O próprio consórcio teria pedido no dia da vistoria a paralisação da obra até que os trabalhos de recuperação fosse feito. Apesar disso, os responsáveis pela obra continuaram o trabalho.

O Metrô informou que não considera graves os problemas. Eles já estão sendo solucionados pelo Consórcio da Linha Amarela, argumentou a empresa. O consórcio também negou haver risco de acidente.

Na mesma linha desta estação, o canteiro de obras da estação Pinheiros desabou no dia 12 de janeiro, provocando a morte de sete pessoas. O desastre, que engoliu parte de uma rua, causou ainda danos em residências das imediações.

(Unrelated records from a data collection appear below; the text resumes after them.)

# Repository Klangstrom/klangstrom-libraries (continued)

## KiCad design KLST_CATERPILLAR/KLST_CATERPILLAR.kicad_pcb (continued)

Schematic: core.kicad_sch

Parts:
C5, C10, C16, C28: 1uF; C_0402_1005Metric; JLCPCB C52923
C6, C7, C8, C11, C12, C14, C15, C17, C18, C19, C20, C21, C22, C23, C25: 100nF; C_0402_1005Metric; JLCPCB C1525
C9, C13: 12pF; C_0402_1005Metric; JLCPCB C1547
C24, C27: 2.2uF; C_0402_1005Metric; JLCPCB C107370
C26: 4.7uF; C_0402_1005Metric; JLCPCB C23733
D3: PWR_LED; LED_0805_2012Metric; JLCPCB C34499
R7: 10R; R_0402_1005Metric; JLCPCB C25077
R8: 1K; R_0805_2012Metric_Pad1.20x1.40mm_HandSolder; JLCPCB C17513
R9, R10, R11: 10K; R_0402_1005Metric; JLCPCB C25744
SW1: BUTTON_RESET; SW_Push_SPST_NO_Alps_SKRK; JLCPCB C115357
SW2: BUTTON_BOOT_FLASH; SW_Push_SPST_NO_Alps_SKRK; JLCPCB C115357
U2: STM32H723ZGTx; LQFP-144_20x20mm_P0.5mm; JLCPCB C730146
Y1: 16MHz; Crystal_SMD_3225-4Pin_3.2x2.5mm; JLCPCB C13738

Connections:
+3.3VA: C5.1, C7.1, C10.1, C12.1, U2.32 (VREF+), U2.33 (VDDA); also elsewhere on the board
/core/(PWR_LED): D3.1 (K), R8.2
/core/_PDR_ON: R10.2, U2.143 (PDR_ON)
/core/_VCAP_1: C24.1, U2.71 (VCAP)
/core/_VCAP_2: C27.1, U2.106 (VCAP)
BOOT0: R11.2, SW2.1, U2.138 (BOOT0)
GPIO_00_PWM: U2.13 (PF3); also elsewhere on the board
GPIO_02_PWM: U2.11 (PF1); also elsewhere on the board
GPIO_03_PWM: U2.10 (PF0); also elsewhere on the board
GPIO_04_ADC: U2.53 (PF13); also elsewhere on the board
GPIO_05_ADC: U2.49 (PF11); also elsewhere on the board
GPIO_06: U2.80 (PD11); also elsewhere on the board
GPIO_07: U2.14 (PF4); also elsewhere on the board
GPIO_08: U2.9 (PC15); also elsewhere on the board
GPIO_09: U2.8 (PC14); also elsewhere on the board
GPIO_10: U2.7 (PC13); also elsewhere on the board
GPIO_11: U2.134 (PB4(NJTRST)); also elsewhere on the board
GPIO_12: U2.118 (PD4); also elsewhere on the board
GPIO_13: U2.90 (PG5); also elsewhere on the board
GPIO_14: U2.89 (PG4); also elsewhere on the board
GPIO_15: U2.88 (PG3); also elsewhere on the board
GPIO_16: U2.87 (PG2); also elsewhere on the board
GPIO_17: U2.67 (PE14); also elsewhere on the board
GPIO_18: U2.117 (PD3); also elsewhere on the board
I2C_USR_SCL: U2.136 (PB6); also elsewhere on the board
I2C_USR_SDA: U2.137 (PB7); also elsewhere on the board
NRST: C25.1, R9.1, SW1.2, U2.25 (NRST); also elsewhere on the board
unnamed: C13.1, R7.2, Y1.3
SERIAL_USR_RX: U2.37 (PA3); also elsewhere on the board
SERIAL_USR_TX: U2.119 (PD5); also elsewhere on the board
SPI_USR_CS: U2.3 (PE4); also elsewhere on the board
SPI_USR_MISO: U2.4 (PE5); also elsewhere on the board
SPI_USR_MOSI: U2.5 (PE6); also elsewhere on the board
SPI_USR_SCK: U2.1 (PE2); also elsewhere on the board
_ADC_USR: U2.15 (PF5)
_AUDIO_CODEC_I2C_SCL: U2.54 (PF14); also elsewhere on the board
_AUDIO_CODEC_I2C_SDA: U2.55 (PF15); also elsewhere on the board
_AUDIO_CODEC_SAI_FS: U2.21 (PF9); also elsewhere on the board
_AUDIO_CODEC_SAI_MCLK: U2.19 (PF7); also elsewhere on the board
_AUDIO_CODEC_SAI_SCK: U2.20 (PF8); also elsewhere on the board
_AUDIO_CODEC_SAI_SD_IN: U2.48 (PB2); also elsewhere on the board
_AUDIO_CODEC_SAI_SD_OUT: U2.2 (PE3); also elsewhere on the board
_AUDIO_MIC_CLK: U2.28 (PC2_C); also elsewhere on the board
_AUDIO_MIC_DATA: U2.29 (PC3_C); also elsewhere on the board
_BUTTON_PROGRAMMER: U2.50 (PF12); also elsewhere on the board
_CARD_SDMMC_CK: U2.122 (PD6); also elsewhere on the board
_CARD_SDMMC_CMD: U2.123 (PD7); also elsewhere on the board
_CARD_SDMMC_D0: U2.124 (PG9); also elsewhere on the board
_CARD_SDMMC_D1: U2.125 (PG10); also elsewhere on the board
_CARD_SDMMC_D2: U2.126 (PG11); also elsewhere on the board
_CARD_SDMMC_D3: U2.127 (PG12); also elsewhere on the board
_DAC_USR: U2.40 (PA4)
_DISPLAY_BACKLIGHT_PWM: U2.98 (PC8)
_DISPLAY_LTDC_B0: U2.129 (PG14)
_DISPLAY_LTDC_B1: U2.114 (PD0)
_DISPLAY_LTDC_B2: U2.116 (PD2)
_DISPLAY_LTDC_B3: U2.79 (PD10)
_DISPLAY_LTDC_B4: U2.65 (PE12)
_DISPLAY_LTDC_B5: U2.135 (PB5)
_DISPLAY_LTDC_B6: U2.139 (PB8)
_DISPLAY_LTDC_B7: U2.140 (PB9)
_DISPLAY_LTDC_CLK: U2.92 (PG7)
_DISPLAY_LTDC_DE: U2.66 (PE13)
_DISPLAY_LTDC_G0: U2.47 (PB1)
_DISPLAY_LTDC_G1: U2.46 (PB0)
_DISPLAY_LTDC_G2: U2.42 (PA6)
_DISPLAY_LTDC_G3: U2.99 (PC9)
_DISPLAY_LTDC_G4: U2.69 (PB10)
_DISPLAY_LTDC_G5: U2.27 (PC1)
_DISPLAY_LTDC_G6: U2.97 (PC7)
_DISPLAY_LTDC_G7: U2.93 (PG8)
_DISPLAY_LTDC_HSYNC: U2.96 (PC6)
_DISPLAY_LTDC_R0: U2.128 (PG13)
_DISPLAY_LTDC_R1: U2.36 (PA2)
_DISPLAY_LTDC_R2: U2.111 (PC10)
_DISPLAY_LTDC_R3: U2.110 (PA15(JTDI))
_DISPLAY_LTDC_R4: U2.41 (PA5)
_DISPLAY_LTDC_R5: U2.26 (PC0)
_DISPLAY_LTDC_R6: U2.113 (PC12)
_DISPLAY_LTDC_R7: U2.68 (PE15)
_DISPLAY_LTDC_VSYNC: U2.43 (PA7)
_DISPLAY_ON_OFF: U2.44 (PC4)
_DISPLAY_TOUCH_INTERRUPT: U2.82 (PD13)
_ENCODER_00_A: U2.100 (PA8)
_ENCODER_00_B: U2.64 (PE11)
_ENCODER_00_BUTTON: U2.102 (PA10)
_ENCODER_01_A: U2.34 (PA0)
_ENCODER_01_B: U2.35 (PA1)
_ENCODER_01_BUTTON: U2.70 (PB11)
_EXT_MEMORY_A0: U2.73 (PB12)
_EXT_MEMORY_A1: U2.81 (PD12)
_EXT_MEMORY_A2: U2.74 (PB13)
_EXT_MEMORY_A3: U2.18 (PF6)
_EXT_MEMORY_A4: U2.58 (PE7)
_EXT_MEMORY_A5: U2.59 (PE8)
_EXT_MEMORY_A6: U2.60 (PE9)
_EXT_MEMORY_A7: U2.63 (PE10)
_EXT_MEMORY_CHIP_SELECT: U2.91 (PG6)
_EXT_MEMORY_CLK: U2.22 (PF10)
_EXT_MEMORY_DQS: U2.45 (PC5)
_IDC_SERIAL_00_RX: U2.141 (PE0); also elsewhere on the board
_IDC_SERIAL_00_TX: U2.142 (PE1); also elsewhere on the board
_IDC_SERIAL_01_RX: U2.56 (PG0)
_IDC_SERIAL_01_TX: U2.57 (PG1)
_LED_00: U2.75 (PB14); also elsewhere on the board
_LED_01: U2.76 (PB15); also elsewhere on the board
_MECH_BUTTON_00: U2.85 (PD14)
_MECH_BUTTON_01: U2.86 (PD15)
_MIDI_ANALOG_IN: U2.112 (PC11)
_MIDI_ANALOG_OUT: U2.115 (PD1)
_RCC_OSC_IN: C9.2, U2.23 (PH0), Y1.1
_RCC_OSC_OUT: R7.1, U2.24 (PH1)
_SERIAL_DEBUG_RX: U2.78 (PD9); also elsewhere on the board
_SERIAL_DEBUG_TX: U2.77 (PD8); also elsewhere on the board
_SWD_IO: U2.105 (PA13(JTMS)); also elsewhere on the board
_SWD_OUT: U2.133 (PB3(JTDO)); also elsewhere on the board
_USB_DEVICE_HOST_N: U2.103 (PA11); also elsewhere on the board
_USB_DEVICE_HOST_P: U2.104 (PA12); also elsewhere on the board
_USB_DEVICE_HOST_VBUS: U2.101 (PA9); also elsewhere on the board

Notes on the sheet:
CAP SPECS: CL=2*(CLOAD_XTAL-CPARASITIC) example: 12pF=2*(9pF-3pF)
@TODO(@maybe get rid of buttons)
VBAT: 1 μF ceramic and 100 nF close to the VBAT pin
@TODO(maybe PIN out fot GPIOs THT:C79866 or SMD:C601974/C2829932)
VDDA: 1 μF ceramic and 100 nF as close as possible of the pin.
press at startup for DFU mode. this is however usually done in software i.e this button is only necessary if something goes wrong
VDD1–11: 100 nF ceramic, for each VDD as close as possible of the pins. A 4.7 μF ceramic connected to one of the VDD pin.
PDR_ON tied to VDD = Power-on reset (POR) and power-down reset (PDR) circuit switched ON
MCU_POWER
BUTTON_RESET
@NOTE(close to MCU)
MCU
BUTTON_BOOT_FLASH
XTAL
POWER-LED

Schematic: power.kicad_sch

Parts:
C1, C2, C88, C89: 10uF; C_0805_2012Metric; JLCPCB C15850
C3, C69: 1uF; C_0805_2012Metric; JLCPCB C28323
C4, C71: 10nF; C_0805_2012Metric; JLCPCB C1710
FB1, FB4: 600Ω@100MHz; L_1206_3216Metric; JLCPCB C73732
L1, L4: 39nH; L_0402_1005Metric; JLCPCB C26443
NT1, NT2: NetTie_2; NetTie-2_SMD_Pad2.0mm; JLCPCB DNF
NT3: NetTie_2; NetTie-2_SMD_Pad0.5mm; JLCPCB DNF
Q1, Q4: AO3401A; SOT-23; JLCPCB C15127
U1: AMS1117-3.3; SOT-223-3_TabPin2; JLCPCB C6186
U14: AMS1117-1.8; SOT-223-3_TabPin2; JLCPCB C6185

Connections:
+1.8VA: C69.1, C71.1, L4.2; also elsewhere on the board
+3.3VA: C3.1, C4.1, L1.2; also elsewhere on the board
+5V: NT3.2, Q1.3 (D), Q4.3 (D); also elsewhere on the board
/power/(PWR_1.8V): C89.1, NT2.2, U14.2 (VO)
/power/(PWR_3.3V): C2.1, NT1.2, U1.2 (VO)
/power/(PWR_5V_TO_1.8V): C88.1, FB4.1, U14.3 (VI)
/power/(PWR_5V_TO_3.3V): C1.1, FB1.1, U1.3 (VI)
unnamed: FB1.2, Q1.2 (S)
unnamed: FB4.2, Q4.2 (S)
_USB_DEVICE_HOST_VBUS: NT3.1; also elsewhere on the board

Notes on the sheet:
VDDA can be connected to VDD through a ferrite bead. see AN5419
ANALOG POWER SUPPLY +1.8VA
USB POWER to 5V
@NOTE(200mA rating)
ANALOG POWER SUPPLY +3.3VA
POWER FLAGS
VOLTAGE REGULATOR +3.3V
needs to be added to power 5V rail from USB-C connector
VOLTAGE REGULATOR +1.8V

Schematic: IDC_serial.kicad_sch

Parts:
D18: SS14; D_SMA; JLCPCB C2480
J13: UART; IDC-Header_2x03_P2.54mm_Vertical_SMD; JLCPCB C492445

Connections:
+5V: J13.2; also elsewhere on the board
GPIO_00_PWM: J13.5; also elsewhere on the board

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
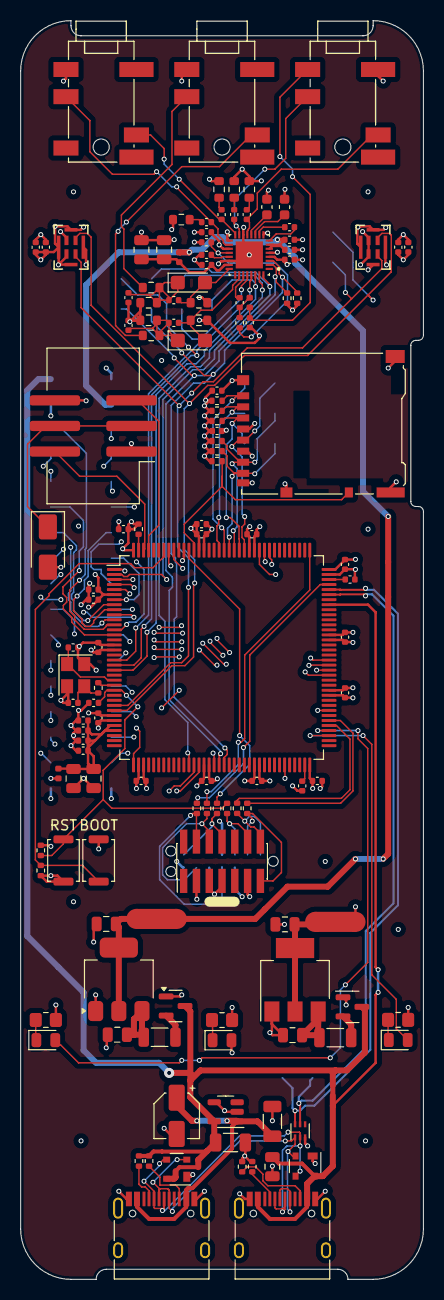
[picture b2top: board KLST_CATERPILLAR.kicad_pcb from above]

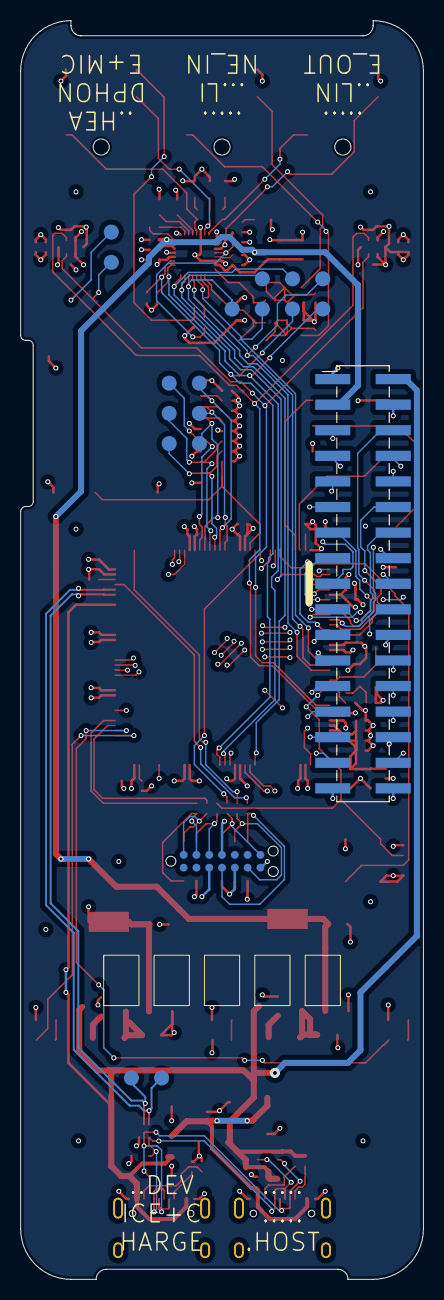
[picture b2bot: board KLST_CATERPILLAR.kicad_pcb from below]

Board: 6 copper layers, 40.0 x 125.0 mm, 154 parts (19 on the bottom side), 116 nets.

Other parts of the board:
D9: SS14; D_SMA
J5: UART; IDC-Header_2x03_P2.54mm_Vertical_SMD
R12: 10K; R_0402_1005Metric

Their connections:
_IDC_SERIAL_00_RX: J5.5; also elsewhere on the board
_IDC_SERIAL_00_TX: J5.2; also elsewhere on the board

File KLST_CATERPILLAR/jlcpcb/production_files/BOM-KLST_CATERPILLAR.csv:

Comment,Designator,Footprint,LCSC
2.2uF,"C24,C27",C_0402_1005Metric,C107370
Micro_SD_Card_Det_Hirose_DM3AT,J1,microSD_HC_Hirose_DM3AT-SF-PEJM5,C114218
47uF,C49,CP_Elec_4x5.4,C114447
22R,"R54,R55,R56,R57,R58,R59",R_0402_1005Metric,C114765
BUTTON_RESET,"SW1,SW2",SW_Push_SPST_NO_Alps_SKRK,C115357
LINE_IN,"J17,J18,J19",PJ-316A-6A,C128987
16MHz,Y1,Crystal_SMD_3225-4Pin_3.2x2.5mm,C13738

Leia o pedido de inquérito

São Paulo, 15 de fevereiro de 2.007.

Senhor Delegado de Polícia,

O Membro do Ministério Público do Estado de São Paulo abaixo assinado, no uso de suas atribuições legais, vem, respeitosamente, nos termos do que dispõe o artigo 5º, inciso II do Código de Processo Penal c.c. o artigo 66, parágrafo único da Lei 9099/95, REQUISITAR A INSTAURAÇÃO DE INQUÉRITO POLICIAL para apurar a prática, em tese, de crime de exposição a perigo a vida e a saúde de outrem descrito no artigo 132 do Código Penal Brasileiro, tendo como averiguados os responsáveis pela administração, execução e fiscalização da obra referente a Estação Fradique Coutinho da linha 04 do Metrô, pelos fatos a seguir expostos.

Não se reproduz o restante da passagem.